## What you are asked to do:
Your response should contain only the lines running from the top of the data below through the line with "doc.units = ezdxf.units.M", both included. Pictures must be omitted.

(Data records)
====

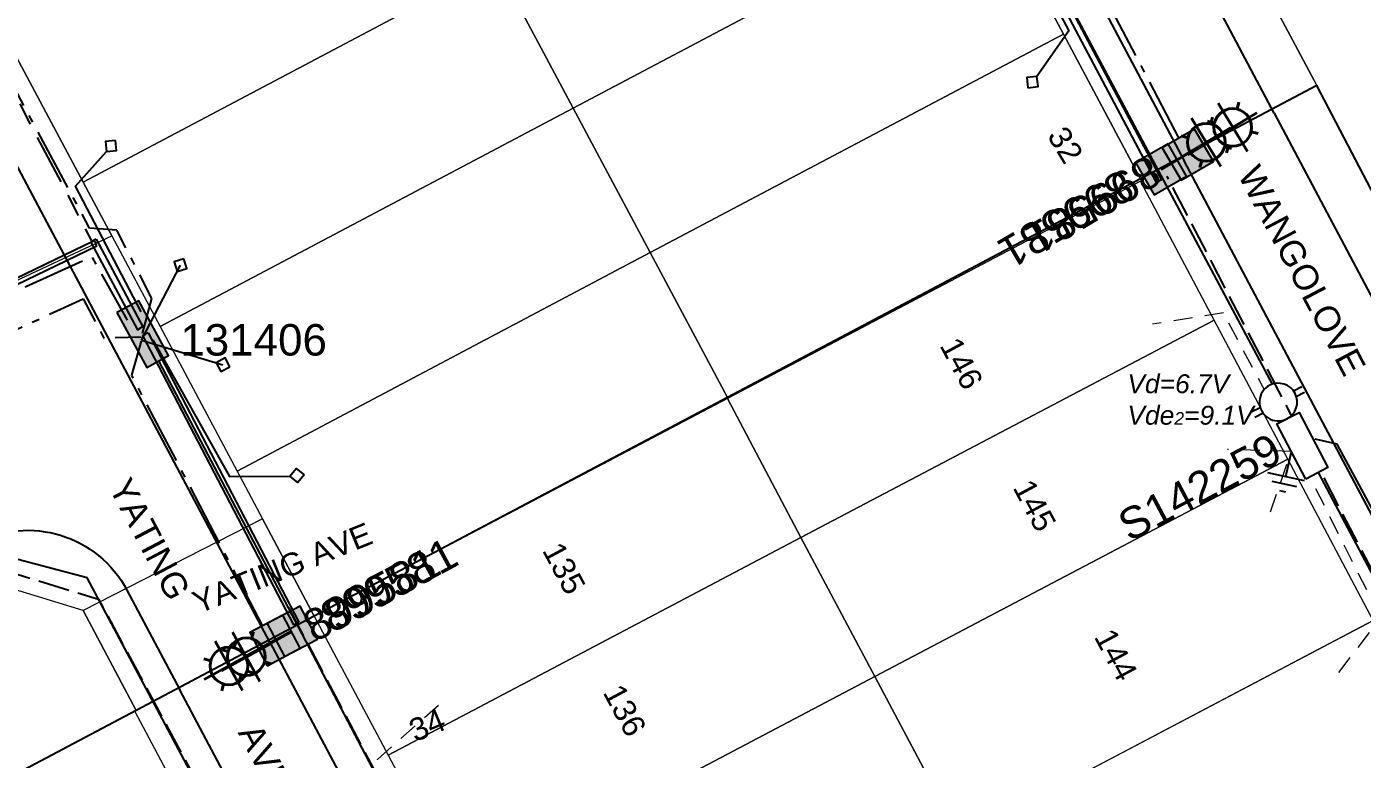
# Model space of a CAD drawing. Header units: metres. Extents: x 303173 to 305738, y 6269065 to 6269981.
# Drawn here: x 303763.8 to 303869.9, y 6269719.4 to 6269777.6 of the extents above; entities that cross this region are included whole.
import ezdxf
from ezdxf.enums import TextEntityAlignment as Align

# ---------------------------------------------------------------- set-up
doc = ezdxf.new("R2010")
doc.units = ezdxf.units.M
for name, pattern in [('Cable Exist UG', [8.2, 4, -1.2, 1.8, -1.2]), ('Dash', [5, 3, -2]), ('IE Trench LV', [6.5, 5, -1.5]), ('IECLPROMCNT', [14.8, 10, -1.8, 1.2, -1.8])]:
    doc.linetypes.add(name, pattern=pattern)
doc.layers.add('_User kerb', color=7, linetype='Continuous', transparency=0.4)
for name, color, linetype in [('_User_LV_Exist', 7, 'Continuous'), ('_User_service', 7, 'Continuous'), ('_User_SL_COLUMN', 7, 'Continuous'), ('Equip_LV_NEW', 7, 'Continuous'), ('Equip_SP_SL_EXT', 7, 'Continuous'), ('Mains_LV_NEW_T84', 7, 'Continuous'), ('Mains_SL_NEW_R6', 7, 'Continuous'), ('Notes', 7, 'Continuous'), ('Notes_LV_MISC', 7, 'Continuous'), ('Services_SP_EXT', 7, 'Continuous'), ('SupportsUG_SP_LV_EXT', 7, 'Continuous'), ('SupportsUG_SP_LV_NEW', 7, 'Continuous'), ('SupportsUG_SP_LV_SL_EXT', 7, 'Continuous'), ('SupportsUG_SP_LV_SL_NEW', 7, 'Continuous'), ('Trench_SP_NEW', 7, 'Continuous'), ('UG_Details_SP_MISC', 7, 'Continuous')]:
    doc.layers.add(name, color=color, linetype=linetype)
doc.layers.add('Cadastre Developer_SP_NEW', color=7, linetype='Continuous', lineweight=5)
doc.layers.add('Cadastre Land Parcels_SP_EXT', color=7, linetype='Continuous', lineweight=5, transparency=0.7)
doc.layers.add('Cadastre Roads_SP_EXT', color=7, linetype='Continuous', lineweight=5, transparency=0.7)
doc.layers.add('Features_HIDE', color=7, linetype='Continuous', plot=False)
doc.styles.add('COLUMN_LABEL', font='arial.ttf')
doc.styles.add('iecARIAL', font='arial.ttf', dxfattribs={"height": 2})
doc.styles.add('LotNum', font='isocp.shx', dxfattribs={"height": 1.8})
doc.styles.add('POLE_LABEL', font='arial.ttf')
doc.styles.get("Standard").update_dxf_attribs({"font": 'arial.ttf'})
doc.linetypes.add('Cable 4', pattern='A,5.25,-0.1,["o",Standard,S=2,R=0,X=1.2,Y=-0.7],-4', length=9.35)
doc.linetypes.add('Cable New UG', pattern='A,7,-0.25,["x",Standard,S=2,R=0,X=0.2,Y=-0.8],-2.1', length=9.35)

# ---------------------------------------------------------------- blocks, each defined once
blk = doc.blocks.new('*U110')
at = {"lineweight": 40}
for p, q in [((0, 0), (-0.34, -2.67)), ((-0.24, -1.92), (-0.8, -6.38)), ((-1.79, -2.52), (-1.44, -2.97)), ((1.11, -2.89), (0.66, -3.23)), ((1.71, -4.43), (-2.75, -3.87)), ((-2.15, -5.42), (-1.71, -5.07)), ((0.74, -5.78), (0.4, -5.34))]:
    blk.add_line(p, q, dxfattribs=at)
blk.add_circle((-0.52, -4.15), 1.5, dxfattribs=at)
at = {"style": 'iecARIAL', "flags": 8}
blk.add_attdef('ASSET_NUM', (1.5, 1.5), '', height=2.5, dxfattribs=at)
for tag, p, height, flags in [('CONSTRUCTED_VOLTAGE', (0.98, -0.65), 0.2, 9), ('CONTROL_TYPE', (0.98, -0.85), 0.2, 9), ('LANTERN_PURPOSE', (0.98, -1.05), 0.2, 9), ('LANTERN_TYPE', (0.98, -1.25), 0.2, 9), ('LNUMBER', (2.18, -3.25), 2.5, 8), ('OPERATING_VOLTAGE', (0.98, -1.65), 0.2, 9), ('ORIENTATION', (0.98, -1.85), 0.2, 9), ('OWNED_BY', (0.98, -2.05), 0.2, 9), ('STATE', (0.98, -2.25), 0.2, 9), ('NO_PHASES', (0.98, -1.45), 0.2, 9), ('USAGE', (0.98, -2.45), 0.2, 9), ('CEXIST', (0.98, -2.65), 0.2, 9), ('CNEW', (0.98, -2.85), 0.2, 9), ('CNUMBER', (0.98, -3.05), 0.2, 9), ('CREMOVE', (0.98, -3.25), 0.2, 9), ('CREPLACE', (0.98, -3.45), 0.2, 9), ('LKINGHEIGHT', (0.98, -3.65), 0.2, 9), ('LBRACKET', (0.98, -3.85), 0.2, 9), ('LBRACKETVOCAB', (0.98, -4.05), 0.2, 9), ('LCATEGORY', (0.98, -4.25), 0.2, 9), ('LCHARGE1', (0.98, -4.45), 0.2, 9), ('LCHARGE1PERCENT', (0.98, -4.65), 0.2, 9), ('LCHARGE2', (0.98, -4.85), 0.2, 9), ('LCHARGE2PERCENT', (0.98, -5.05), 0.2, 9), ('LCHARGE3', (0.98, -5.25), 0.2, 9), ('LCHARGE3PERCENT', (0.98, -5.45), 0.2, 9), ('LEXIST', (0.98, -5.65), 0.2, 9), ('LLAMP', (0.98, -5.85), 0.2, 9), ('LLAMPVOCAB', (0.98, -6.05), 0.2, 9), ('LMAST', (0.98, -6.25), 0.2, 9), ('LMASTVOCAB', (0.98, -6.45), 0.2, 9), ('LNEW', (0.98, -6.65), 0.2, 9), ('LANTNUMBER', (0.98, -6.85), 0.2, 9), ('LOUTREACH', (0.98, -7.25), 0.2, 9), ('LOUTREACHVOCAB', (0.98, -7.45), 0.2, 9), ('LRATECODE', (0.98, -7.65), 0.2, 9), ('LREMOVE', (0.98, -7.85), 0.2, 9), ('LREPLACE', (0.98, -8.05), 0.2, 9), ('LTYPE', (0.98, -8.25), 0.2, 9), ('LTYPEVOCAB', (0.98, -8.45), 0.2, 9), ('LEGEND', (0.98, -8.65), 0.2, 9), ('STREETNAME', (0.98, -9.25), 0.2, 9), ('SUBURB', (0.98, -9.45), 0.2, 1), ('LOCATION', (0.98, -8.85), 0.2, 9), ('NOTES', (0.98, -9.05), 0.2, 9)]:
    blk.add_attdef(tag, p, '', height=height, dxfattribs=dict(flags=flags))
blk = doc.blocks.new('*U109')
for tag, height, flags, p in [('ASSET_NUM', 2.5, 8, (2, 4)), ('STREET_CODE', 0.2, 9, (1.5, 2)), ('OWNED_BY', 0.2, 9, (1.5, 1.8)), ('OPERATED_BY', 0.2, 9, (1.5, 1.6)), ('STATE', 0.2, 9, (1.5, 1.2)), ('SUPPORT_TYPE', 0.2, 9, (1.5, 1)), ('MAINTAINED_BY', 0.2, 9, (1.5, 1.4)), ('SUBURB', 0.2, 9, (1.5, 0.2)), ('STREETNAME', 0.2, 9, (1.5, 0)), ('USAGE', 0.2, 9, (1.5, 0.8)), ('LEGEND', 0.2, 9, (1.5, 0.6)), ('PARENT', 0.2, 9, (1.5, 0.4)), ('Z', 0.2, 1, (1.5, -0.6)), ('LOCATION', 0.2, 9, (1.5, -0.2)), ('NOTES', 0.2, 9, (1.5, -0.4))]:
    blk.add_attdef(tag, text='', height=height, dxfattribs=dict(flags=flags)).set_placement(p, align=Align.MIDDLE_LEFT)
blk.add_wipeout([(-3.44, -1.81), (-2.43, 3.04), (-0.49, 2.63), (-1.5, -2.21)])
at = {"lineweight": -3}
blk.add_lwpolyline([(-3.44, -1.81), (-2.43, 3.04), (-0.49, 2.63), (-1.5, -2.21)], close=True, dxfattribs=at)
blk = doc.blocks.new('COLUMN_NEW')
for tag, flags, p in [('LOCATION', 9, (1.5, -2.2)), ('Z', 1, (1.5, -2.8)), ('NOTES', 9, (1.5, -2.4)), ('LABEL_ALIGNMENT', 9, (1.5, -2.6))]:
    blk.add_attdef(tag, text='', height=0.2, dxfattribs=dict(flags=flags)).set_placement(p, align=Align.MIDDLE_LEFT)
blk.add_wipeout([(-1.485, -1.485), (1.485, -1.485), (1.485, 1.485), (-1.485, 1.485)])
at = {"lineweight": -3}
blk.add_lwpolyline([(-1.485, -1.485), (1.485, -1.485), (1.485, 1.485), (-1.485, 1.485)], close=True, dxfattribs=at)
for tag, height, flags, p in [('ASSET_NUM', 2.5, 8, (2, 2)), ('STREET_CODE', 0.2, 9, (1.5, 0)), ('OWNED_BY', 0.2, 9, (1.5, -0.4)), ('OPERATED_BY', 0.2, 9, (1.5, -0.6)), ('STATE', 0.2, 9, (1.5, -1)), ('COLUMN_TYPE', 0.2, 9, (1.5, -0.2)), ('MAINTAINED_BY', 0.2, 9, (1.5, -0.8)), ('SUBURB', 0.2, 9, (1.5, -1.8)), ('STREETNAME', 0.2, 9, (1.5, -2)), ('USAGE', 0.2, 9, (1.5, -1.2)), ('LEGEND', 0.2, 9, (1.5, -1.4)), ('PARENT', 0.2, 9, (1.5, -1.6))]:
    blk.add_attdef(tag, text='', height=height, dxfattribs=dict(flags=flags)).set_placement(p, align=Align.MIDDLE_LEFT)
at = {"style": 'POLE_LABEL', "flags": 9}
blk.add_attdef('STRUCTURE_PLANT_NUMBER', text='', height=0.2, dxfattribs=at).set_placement((1.5, 0.242), align=Align.MIDDLE_LEFT)
blk = doc.blocks.new('COLUMN_EXT')
blk.add_hatch(color=256).paths.add_polyline_path([(-1.49, 1.48), (-1.49, -1.49), (1.48, -1.49), (1.48, 1.48)])
blk.add_lwpolyline([(-1.49, -1.49), (1.48, -1.49), (1.48, 1.48), (-1.49, 1.48)], close=True)
for tag, height, style, flags, p in [('ASSET_NUM', 2.5, 'COLUMN_LABEL', 8, (2, 2)), ('STRUCTURE_PLANT_NUMBER', 0.2, 'POLE_LABEL', 9, (1.81, 0.03)), ('STREET_CODE', 0.2, 'COLUMN_LABEL', 9, (1.81, -0.2))]:
    blk.add_attdef(tag, text='', height=height, dxfattribs=dict(style=style, flags=flags)).set_placement(p, align=Align.MIDDLE_LEFT)
at = {"flags": 9}
for tag, p in [('COLUMN_TYPE', (1.81, -0.4)), ('OWNED_BY', (1.81, -0.6)), ('STATE', (1.81, -0.8)), ('USAGE', (1.81, -1)), ('STREETNAME', (1.81, -1.6)), ('SUBURB', (1.81, -1.8)), ('LEGEND', (1.81, -1.2)), ('LOCATION', (1.81, -1.4)), ('NOTES', (1.81, -2))]:
    blk.add_attdef(tag, text='', height=0.2, dxfattribs=at).set_placement(p, align=Align.MIDDLE_LEFT)
at = {"flags": 1}
blk.add_attdef('Z', (1.81, -2.35), '', height=0.2, dxfattribs=at)
blk = doc.blocks.new('*U117')
blk.add_hatch(color=256).paths.add_polyline_path([(0.95, 3.77), (-0.65, 2.6), (2.29, -1.39), (3.88, -0.21)])
blk.add_lwpolyline([(-0.65, 2.6), (2.29, -1.39), (3.88, -0.21), (0.95, 3.77)], close=True)
at = {"style": 'iecARIAL', "flags": 8}
blk.add_attdef('ASSET_NUM', (1.5, 3.5), '', height=2.5, dxfattribs=at)
for tag, p, flags in [('OWNED_BY', (0, -0.2), 9), ('STATE', (0, -0.4), 9), ('SUPPORT_TYPE', (0, -0.6), 9), ('USAGE', (0, -0.8), 9), ('LEGEND', (0, -1), 9), ('LOCATION', (0, -1.2), 9), ('STREETNAME', (0, -1.8), 9), ('SUBURB', (0, -2), 1), ('NOTES', (0, -1.4), 9), ('PARENT', (0, -1.6), 9)]:
    blk.add_attdef(tag, p, '', height=0.2, dxfattribs=dict(flags=flags))
blk = doc.blocks.new('CCP_EXT')
at = {"flags": 9}
for tag, p in [('STATE', (0, -1.8)), ('USAGE', (0, -1.2)), ('LEGEND', (0, -1.4)), ('LIFE_SUPPORT', (0, -1.6)), ('NOTES', (0, -2))]:
    blk.add_attdef(tag, text='', height=0.2, dxfattribs=at).set_placement(p, align=Align.MIDDLE_LEFT)
blk.add_wipeout([(0, 0.57), (0.57, 0), (0, -0.57), (-0.57, 0)])
blk.add_lwpolyline([(-0.57, 0), (0, 0.57), (0.57, 0), (0, -0.57), (-0.57, 0)])
at = {"flags": 1}
blk.add_attdef('Z', (0, 0), '', height=0.2, dxfattribs=at)
at = {"flags": 9}
for tag, p in [('CCP_TYPE', (0, 0)), ('CONSTRUCTED_VOLTAGE', (0, -0.2)), ('OPERATING_VOLTAGE', (0, -0.6)), ('ORIENTATION', (0, -0.8)), ('OWNED_BY', (0, -1)), ('NO_PHASES', (0, -0.4))]:
    blk.add_attdef(tag, text='', height=0.2, dxfattribs=at).set_placement(p, align=Align.MIDDLE_LEFT)
blk = doc.blocks.new('*U133')
for tag, p, flags in [('ORIENTATION', (0, 0), 9), ('Z', (0, 0), 1), ('USAGE', (0, -0.2), 9), ('NOTES', (0, -0.4), 9)]:
    blk.add_attdef(tag, p, '', height=0.2, dxfattribs=dict(flags=flags))
blk.add_wipeout([(-3.47, 0.22), (-3.65, 0.25), (-3.84, 0.25), (-4.03, 0.23), (-4.21, 0.18), (-4.38, 0.12), (-4.55, 0.03), (-4.7, -0.08), (-4.84, -0.2), (-4.96, -0.35), (-5.07, -0.5), (-5.15, -0.67), (-5.21, -0.85), (-5.25, -1.03), (-5.26, -1.22), (-5.25, -1.41), (-5.22, -1.59), (-5.17, -1.77), (-5.09, -1.94), (-4.99, -2.1), (-4.87, -2.25), (-4.74, -2.38), (-4.59, -2.49), (-4.43, -2.59), (-4.25, -2.66), (-4.07, -2.71), (-3.89, -2.73), (-3.7, -2.74), (-3.51, -2.72), (-3.33, -2.67), (-3.15, -2.61), (-2.99, -2.52), (-2.83, -2.41), (-2.7, -2.28), (-2.57, -2.14), (-2.47, -1.98), (-2.39, -1.82), (-2.33, -1.64), (-2.29, -1.45), (-2.28, -1.27), (-2.28, -1.08), (-2.32, -0.89), (-2.37, -0.72), (-2.45, -0.54), (-2.55, -0.38), (-2.66, -0.24), (-2.8, -0.11), (-2.95, 0.01), (-3.11, 0.1), (-3.29, 0.17)])
for p, q in [((-2.57, -0.36), (-1.9, -0.02)), ((-2.34, -0.8), (-1.68, -0.46)), ((-5.2, -1.69), (-5.86, -2.03)), ((-4.97, -2.13), (-5.64, -2.47))]:
    blk.add_line(p, q)
blk.add_lwpolyline([(-3.09, -2.58, 1), (-4.45, 0.09, 1)], format="xyb", close=True)
blk = doc.blocks.new('Earth')
for p, q in [((0, -2.04), (0, 0)), ((-1.5, -2.04), (1.5, -2.04)), ((-1, -2.64), (1, -2.64)), ((-0.25, -3.24), (0.25, -3.24))]:
    blk.add_line(p, q)

msp = doc.modelspace()

# ---------------------------------------------------------------- linework, layer by layer
at = {"layer": '_User kerb', "transparency": 33554585}
for points in [[(303700.76, 6269685.28), (303696.58, 6269693.15, -0.415151), (303700.32, 6269705.27), (303759.65, 6269736.51, -0.413277), (303771.73, 6269732.79), (303775.93, 6269724.87)], [(303700.76, 6269685.28), (303782.86, 6269530.59, 0.416036), (303795.01, 6269526.91), (303854.27, 6269558.12, 0.417613), (303857.97, 6269570.3), (303775.93, 6269724.87)]]:
    msp.add_lwpolyline(points, format="xyb", dxfattribs=at)
at = {"layer": '_User_LV_Exist', "linetype": 'IECLPROMCNT', "ltscale": 0.5, "flags": 128}
for points in [[(303710.55, 6269749.62), (303709.54, 6269751.53), (303713.67, 6269753.74), (303720.88, 6269740.23), (303714.11, 6269736.37), (303719.27, 6269727.01), (303725.96, 6269730.9), (303750.7, 6269744.06), (303752.44, 6269747.14), (303757.31, 6269749.51), (303758.45, 6269754.53), (303768.93, 6269759.29), (303771.74, 6269754.25)], [(303756.92, 6269744.7), (303759, 6269745.76), (303760.27, 6269752.26), (303768.26, 6269755.95), (303769.9, 6269752.82), (303772.85, 6269752.93)]]:
    msp.add_lwpolyline(points, dxfattribs=at)
at = {"layer": '_User_service', "color": 170, "linetype": 'Dash', "lineweight": 9, "ltscale": 0.5}
for points in [[(303868.02, 6269726.26), (303871.37, 6269730.57), (303864.69, 6269743.86), (303858.86, 6269754.82), (303853.22, 6269753.92)], [(303862.6, 6269739.01), (303864.26, 6269743.81), (303859.19, 6269743.96)], [(303809.94, 6269695.21), (303804.56, 6269695.17), (303797.4, 6269708.21), (303791.64, 6269719.33), (303796.75, 6269723.9)]]:
    msp.add_lwpolyline(points, dxfattribs=at)
at = {"layer": 'Cadastre Developer_SP_NEW', "flags": 128}
for points in [[(303825.29, 6269736.97), (303858.12, 6269754.25), (303852.26, 6269765.3), (303819.44, 6269748.01), (303825.29, 6269736.97)], [(303831.15, 6269725.93), (303863.98, 6269743.21), (303858.12, 6269754.25), (303825.29, 6269736.97), (303831.15, 6269725.93)], [(303792.48, 6269719.69), (303825.29, 6269736.97), (303819.44, 6269748.01), (303786.62, 6269730.73), (303792.48, 6269719.69)], [(303837.96, 6269713.1), (303870.77, 6269730.38), (303863.98, 6269743.21), (303831.15, 6269725.93), (303837.96, 6269713.1)], [(303798.34, 6269708.64), (303831.15, 6269725.93), (303825.29, 6269736.97), (303792.48, 6269719.69), (303798.34, 6269708.64)], [(303854.04, 6269705.16), (303877.58, 6269717.55), (303870.77, 6269730.38), (303847.24, 6269717.99), (303854.04, 6269705.16)], [(303805.14, 6269695.82), (303837.96, 6269713.1), (303831.15, 6269725.93), (303798.34, 6269708.64), (303805.14, 6269695.82)], [(303745.11, 6269694.53), (303778.29, 6269712), (303772.36, 6269723.18), (303739.25, 6269705.57), (303745.11, 6269694.53)]]:
    msp.add_lwpolyline(points, dxfattribs=at)
at = {"layer": 'Cadastre Land Parcels_SP_EXT', "linetype": 'Continuous'}
for points in [[(303992.41, 6269894.19), (303979.41, 6269916.87), (303830.93, 6269839.18), (303866.29, 6269772.89), (303887.23, 6269732.78), (304039.29, 6269812.39), (304007.9, 6269867.16), (303992.41, 6269894.19)], [(303840.03, 6269788.45), (303833.91, 6269799.94), (303801.08, 6269782.58), (303807.2, 6269771.09), (303840.03, 6269788.45)], [(303801.08, 6269782.58), (303794.49, 6269794.95), (303761.65, 6269777.59), (303768.24, 6269765.22), (303801.08, 6269782.58)], [(303846.14, 6269776.96), (303840.03, 6269788.45), (303807.2, 6269771.09), (303813.31, 6269759.61), (303846.14, 6269776.96)], [(303807.2, 6269771.09), (303801.08, 6269782.58), (303768.24, 6269765.22), (303770.52, 6269760.94), (303774.36, 6269753.73), (303807.2, 6269771.09)], [(303852.26, 6269765.47), (303846.14, 6269776.96), (303813.31, 6269759.61), (303819.44, 6269748.1), (303852.26, 6269765.47)], [(303813.31, 6269759.61), (303807.2, 6269771.09), (303774.36, 6269753.73), (303780.48, 6269742.25), (303813.31, 6269759.61)], [(303819.44, 6269748.1), (303813.31, 6269759.61), (303780.48, 6269742.25), (303782.5, 6269738.45), (303786.62, 6269730.73), (303819.44, 6269748.1)], [(303772.46, 6269723.23), (303768.24, 6269731.17), (303761.46, 6269733.24), (303732.7, 6269718.04), (303739.28, 6269705.67), (303772.46, 6269723.23)]]:
    msp.add_lwpolyline(points, close=True, dxfattribs=at)
at = {"layer": 'Cadastre Roads_SP_EXT', "linetype": 'Continuous'}
for points in [[(303866.29, 6269772.89), (303830.93, 6269839.17), (303816.13, 6269867.41), (303801.95, 6269859.97), (303808.49, 6269847.68), (303815.18, 6269835.11), (303821.21, 6269823.8), (303827.32, 6269812.31), (303833.91, 6269799.94), (303840.03, 6269788.45), (303846.14, 6269776.96), (303852.26, 6269765.47), (303866.29, 6269772.89)], [(303770.52, 6269760.94), (303768.24, 6269765.22), (303761.65, 6269777.59), (303755.53, 6269789.07), (303749.51, 6269800.39), (303742.81, 6269812.95), (303736.26, 6269825.24), (303721.67, 6269818.56), (303726.34, 6269809.8), (303731.99, 6269799.19), (303737.87, 6269788.15), (303743.75, 6269777.1), (303750.04, 6269765.3), (303755.99, 6269754.13), (303770.52, 6269760.94)], [(303786.62, 6269730.73), (303782.5, 6269738.45), (303768.24, 6269731.17), (303772.46, 6269723.23), (303786.62, 6269730.73)]]:
    msp.add_lwpolyline(points, close=True, dxfattribs=at)
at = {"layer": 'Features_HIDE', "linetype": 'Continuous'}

====

## Solved problem:
# Model space of a CAD drawing. Header units: metres. Extents: x 303173 to 305738, y 6269065 to 6269981.
# Drawn here: x 303763.8 to 303869.9, y 6269719.4 to 6269777.6 of the extents above; entities that cross this region are included whole.
import ezdxf
from ezdxf.enums import TextEntityAlignment as Align

# ---------------------------------------------------------------- set-up
doc = ezdxf.new("R2010")
doc.units = ezdxf.units.M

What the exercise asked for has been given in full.